Methodologies and Dataset
The results are so funny. I wanted to know how you trained the SDXL model on the custom dataset. I'm a beginner in training LLMs and want to learn. Could you please share some resources since I'm planning to build a project similar to this?
I had a hard time figuring out how to do this as the instructions are pretty scarce or incomplete. I'm away from my computer that I used to train the model, but let me share a screenshot of my directory structure tonight along with some tips. The directory structure is almost the key thing along with the captioning in the directory containing the files. Once you have that set up, you can use kohya for the training. It's pretty straighforward. I used a local GPU. My original intent was to play with small LLMs and I've been sidetracked with images!!!
Thank you so much. It would be really helpful. Did you create the dataset from scratch or was the dataset available?
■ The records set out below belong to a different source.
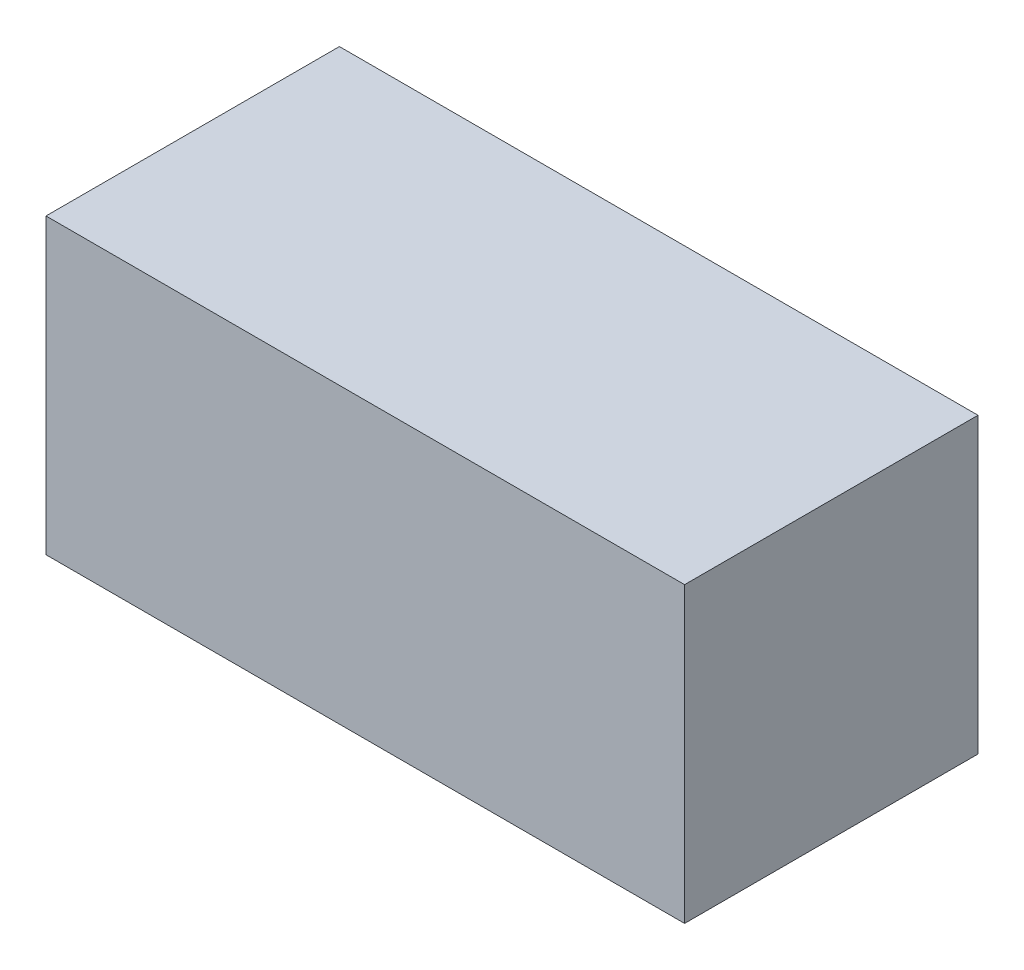
ISO-10303-21;
HEADER;
FILE_DESCRIPTION(('STEP AP214'),'2;1');
FILE_NAME('part.step','',(''),(''),'','','');
FILE_SCHEMA(('AUTOMOTIVE_DESIGN { 1 0 10303 214 1 1 1 1 }'));
ENDSEC;
DATA;
#1=APPLICATION_CONTEXT('core data for automotive mechanical design processes');
#2=APPLICATION_PROTOCOL_DEFINITION('international standard','automotive_design',2000,#1);
#3=PRODUCT_CONTEXT('',#1,'mechanical');
#4=PRODUCT('Part','Part','',(#3));
#5=PRODUCT_RELATED_PRODUCT_CATEGORY('part','',(#4));
#6=PRODUCT_DEFINITION_FORMATION('','',#4);
#7=PRODUCT_DEFINITION_CONTEXT('part definition',#1,'design');
#8=PRODUCT_DEFINITION('design','',#6,#7);
#9=PRODUCT_DEFINITION_SHAPE('','',#8);
#10=(LENGTH_UNIT() NAMED_UNIT(*) SI_UNIT(.MILLI.,.METRE.));
#11=(NAMED_UNIT(*) PLANE_ANGLE_UNIT() SI_UNIT($,.RADIAN.));
#12=(NAMED_UNIT(*) SI_UNIT($,.STERADIAN.) SOLID_ANGLE_UNIT());
#13=UNCERTAINTY_MEASURE_WITH_UNIT(LENGTH_MEASURE(1.E-05),#10,'distance_accuracy_value','');
#14=(GEOMETRIC_REPRESENTATION_CONTEXT(3) GLOBAL_UNCERTAINTY_ASSIGNED_CONTEXT((#13)) GLOBAL_UNIT_ASSIGNED_CONTEXT((#10,
#11,#12)) REPRESENTATION_CONTEXT('',''));
#15=CARTESIAN_POINT('',(0.,0.,0.));
#16=DIRECTION('',(0.,0.,1.));
#17=DIRECTION('',(1.,0.,0.));
#18=AXIS2_PLACEMENT_3D('',#15,#16,#17);
#19=CARTESIAN_POINT('',(1.850009,0.850010999999998,1.6999966));
#20=DIRECTION('',(-1.,0.,0.));
#21=DIRECTION('',(0.,0.,1.));
#22=AXIS2_PLACEMENT_3D('',#19,#20,#21);
#23=PLANE('',#22);
#24=DIRECTION('',(0.,1.,0.));
#25=VECTOR('',#24,1.);
#26=CARTESIAN_POINT('',(1.850009,0.850010999999998,0.));
#27=LINE('',#26,#25);
#28=CARTESIAN_POINT('',(1.850009,-0.850010999999998,0.));
#29=VERTEX_POINT('',#28);
#30=CARTESIAN_POINT('',(1.850009,0.850010999999998,0.));
#31=VERTEX_POINT('',#30);
#32=EDGE_CURVE('E95',#29,#31,#27,.T.);
#33=ORIENTED_EDGE('',*,*,#32,.T.);
#34=DIRECTION('',(0.,0.,-1.));
#35=VECTOR('',#34,1.);
#36=CARTESIAN_POINT('',(1.850009,0.850010999999998,1.6999966));
#37=LINE('',#36,#35);
#38=CARTESIAN_POINT('',(1.850009,0.850010999999998,1.6999966));
#39=VERTEX_POINT('',#38);
#40=EDGE_CURVE('E11',#39,#31,#37,.T.);
#41=ORIENTED_EDGE('',*,*,#40,.F.);
#42=DIRECTION('',(0.,1.,0.));
#43=VECTOR('',#42,1.);
#44=CARTESIAN_POINT('',(1.850009,0.850010999999998,1.6999966));
#45=LINE('',#44,#43);
#46=CARTESIAN_POINT('',(1.850009,-0.850010999999998,1.6999966));
#47=VERTEX_POINT('',#46);
#48=EDGE_CURVE('E83',#47,#39,#45,.T.);
#49=ORIENTED_EDGE('',*,*,#48,.F.);
#50=DIRECTION('',(0.,0.,-1.));
#51=VECTOR('',#50,1.);
#52=CARTESIAN_POINT('',(1.850009,-0.850010999999998,1.6999966));
#53=LINE('',#52,#51);
#54=EDGE_CURVE('E91',#47,#29,#53,.T.);
#55=ORIENTED_EDGE('',*,*,#54,.T.);
#56=EDGE_LOOP('',(#33,#41,#49,#55));
#57=FACE_BOUND('',#56,.T.);
#58=ADVANCED_FACE('F32',(#57),#23,.F.);
#59=CARTESIAN_POINT('',(-1.850009,0.850010999999998,1.6999966));
#60=DIRECTION('',(0.,-1.,0.));
#61=DIRECTION('',(0.,0.,-1.));
#62=AXIS2_PLACEMENT_3D('',#59,#60,#61);
#63=PLANE('',#62);
#64=DIRECTION('',(-1.,0.,0.));
#65=VECTOR('',#64,1.);
#66=CARTESIAN_POINT('',(-1.850009,0.850010999999998,0.));
#67=LINE('',#66,#65);
#68=CARTESIAN_POINT('',(-1.850009,0.850010999999998,0.));
#69=VERTEX_POINT('',#68);
#70=EDGE_CURVE('E87',#31,#69,#67,.T.);
#71=ORIENTED_EDGE('',*,*,#70,.T.);
#72=DIRECTION('',(0.,0.,-1.));
#73=VECTOR('',#72,1.);
#74=CARTESIAN_POINT('',(-1.850009,0.850010999999998,1.6999966));
#75=LINE('',#74,#73);
#76=CARTESIAN_POINT('',(-1.850009,0.850010999999998,1.6999966));
#77=VERTEX_POINT('',#76);
#78=EDGE_CURVE('E40',#77,#69,#75,.T.);
#79=ORIENTED_EDGE('',*,*,#78,.F.);
#80=DIRECTION('',(-1.,0.,0.));
#81=VECTOR('',#80,1.);
#82=CARTESIAN_POINT('',(-1.850009,0.850010999999998,1.6999966));
#83=LINE('',#82,#81);
#84=EDGE_CURVE('E78',#39,#77,#83,.T.);
#85=ORIENTED_EDGE('',*,*,#84,.F.);
#86=ORIENTED_EDGE('',*,*,#40,.T.);
#87=EDGE_LOOP('',(#71,#79,#85,#86));
#88=FACE_BOUND('',#87,.T.);
#89=ADVANCED_FACE('F86',(#88),#63,.F.);
#90=CARTESIAN_POINT('',(-1.850009,-0.850010999999998,1.6999966));
#91=DIRECTION('',(1.,0.,0.));
#92=DIRECTION('',(0.,0.,-1.));
#93=AXIS2_PLACEMENT_3D('',#90,#91,#92);
#94=PLANE('',#93);
#95=DIRECTION('',(0.,-1.,0.));
#96=VECTOR('',#95,1.);
#97=CARTESIAN_POINT('',(-1.850009,-0.850010999999998,0.));
#98=LINE('',#97,#96);
#99=CARTESIAN_POINT('',(-1.850009,-0.850010999999998,0.));
#100=VERTEX_POINT('',#99);
#101=EDGE_CURVE('E65',#69,#100,#98,.T.);
#102=ORIENTED_EDGE('',*,*,#101,.T.);
#103=DIRECTION('',(0.,0.,-1.));
#104=VECTOR('',#103,1.);
#105=CARTESIAN_POINT('',(-1.850009,-0.850010999999998,1.6999966));
#106=LINE('',#105,#104);
#107=CARTESIAN_POINT('',(-1.850009,-0.850010999999998,1.6999966));
#108=VERTEX_POINT('',#107);
#109=EDGE_CURVE('E88',#108,#100,#106,.T.);
#110=ORIENTED_EDGE('',*,*,#109,.F.);
#111=DIRECTION('',(0.,-1.,0.));
#112=VECTOR('',#111,1.);
#113=CARTESIAN_POINT('',(-1.850009,-0.850010999999998,1.6999966));
#114=LINE('',#113,#112);
#115=EDGE_CURVE('E81',#77,#108,#114,.T.);
#116=ORIENTED_EDGE('',*,*,#115,.F.);
#117=ORIENTED_EDGE('',*,*,#78,.T.);
#118=EDGE_LOOP('',(#102,#110,#116,#117));
#119=FACE_BOUND('',#118,.T.);
#120=ADVANCED_FACE('F89',(#119),#94,.F.);
#121=CARTESIAN_POINT('',(1.850009,-0.850010999999998,1.6999966));
#122=DIRECTION('',(0.,1.,0.));
#123=DIRECTION('',(0.,0.,1.));
#124=AXIS2_PLACEMENT_3D('',#121,#122,#123);
#125=PLANE('',#124);
#126=DIRECTION('',(1.,0.,0.));
#127=VECTOR('',#126,1.);
#128=CARTESIAN_POINT('',(1.850009,-0.850010999999998,0.));
#129=LINE('',#128,#127);
#130=EDGE_CURVE('E71',#100,#29,#129,.T.);
#131=ORIENTED_EDGE('',*,*,#130,.T.);
#132=ORIENTED_EDGE('',*,*,#54,.F.);
#133=DIRECTION('',(1.,0.,0.));
#134=VECTOR('',#133,1.);
#135=CARTESIAN_POINT('',(1.850009,-0.850010999999998,1.6999966));
#136=LINE('',#135,#134);
#137=EDGE_CURVE('E48',#108,#47,#136,.T.);
#138=ORIENTED_EDGE('',*,*,#137,.F.);
#139=ORIENTED_EDGE('',*,*,#109,.T.);
#140=EDGE_LOOP('',(#131,#132,#138,#139));
#141=FACE_BOUND('',#140,.T.);
#142=ADVANCED_FACE('F102',(#141),#125,.F.);
#143=CARTESIAN_POINT('',(0.,0.,1.6999966));
#144=DIRECTION('',(0.,0.,-1.));
#145=DIRECTION('',(-1.,0.,0.));
#146=AXIS2_PLACEMENT_3D('',#143,#144,#145);
#147=PLANE('',#146);
#148=ORIENTED_EDGE('',*,*,#48,.T.);
#149=ORIENTED_EDGE('',*,*,#84,.T.);
#150=ORIENTED_EDGE('',*,*,#115,.T.);
#151=ORIENTED_EDGE('',*,*,#137,.T.);
#152=EDGE_LOOP('',(#148,#149,#150,#151));
#153=FACE_BOUND('',#152,.T.);
#154=ADVANCED_FACE('F79',(#153),#147,.F.);
#155=CARTESIAN_POINT('',(0.,0.,0.));
#156=DIRECTION('',(0.,0.,-1.));
#157=DIRECTION('',(-1.,0.,0.));
#158=AXIS2_PLACEMENT_3D('',#155,#156,#157);
#159=PLANE('',#158);
#160=ORIENTED_EDGE('',*,*,#32,.F.);
#161=ORIENTED_EDGE('',*,*,#130,.F.);
#162=ORIENTED_EDGE('',*,*,#101,.F.);
#163=ORIENTED_EDGE('',*,*,#70,.F.);
#164=EDGE_LOOP('',(#160,#161,#162,#163));
#165=FACE_BOUND('',#164,.T.);
#166=ADVANCED_FACE('F105',(#165),#159,.T.);
#167=CLOSED_SHELL('',(#58,#89,#120,#142,#154,#166));
#168=MANIFOLD_SOLID_BREP('B2',#167);
#169=ADVANCED_BREP_SHAPE_REPRESENTATION('',(#18,#168),#14);
#170=SHAPE_DEFINITION_REPRESENTATION(#9,#169);
ENDSEC;
END-ISO-10303-21;

I trained from images posted to the net. It's doesn't take a huge number of images. I'll try to do a screenshot of my directory structure and I think that will show how many images I used.
Oh okay, thank you!
Here are some further details. I hope this helps. I used kohya to train. Specifically the Lora tab and not the Dreambooth tab. I have uploaded my kohya settings file so you can look at that. You can load it into Kohya and it should give you something to start with.
Here is my directory structure. The number in front of the one directory is important. You can play around with that to see what works best for you. I've used different numbers there. 2 or 3 or... Some people set this based on some calculations (like 1500 divided by the number of training images) but I don't know that it always works that way. Looks like I had 243 images to train this model but you might not need nearly so many depending on what you are training.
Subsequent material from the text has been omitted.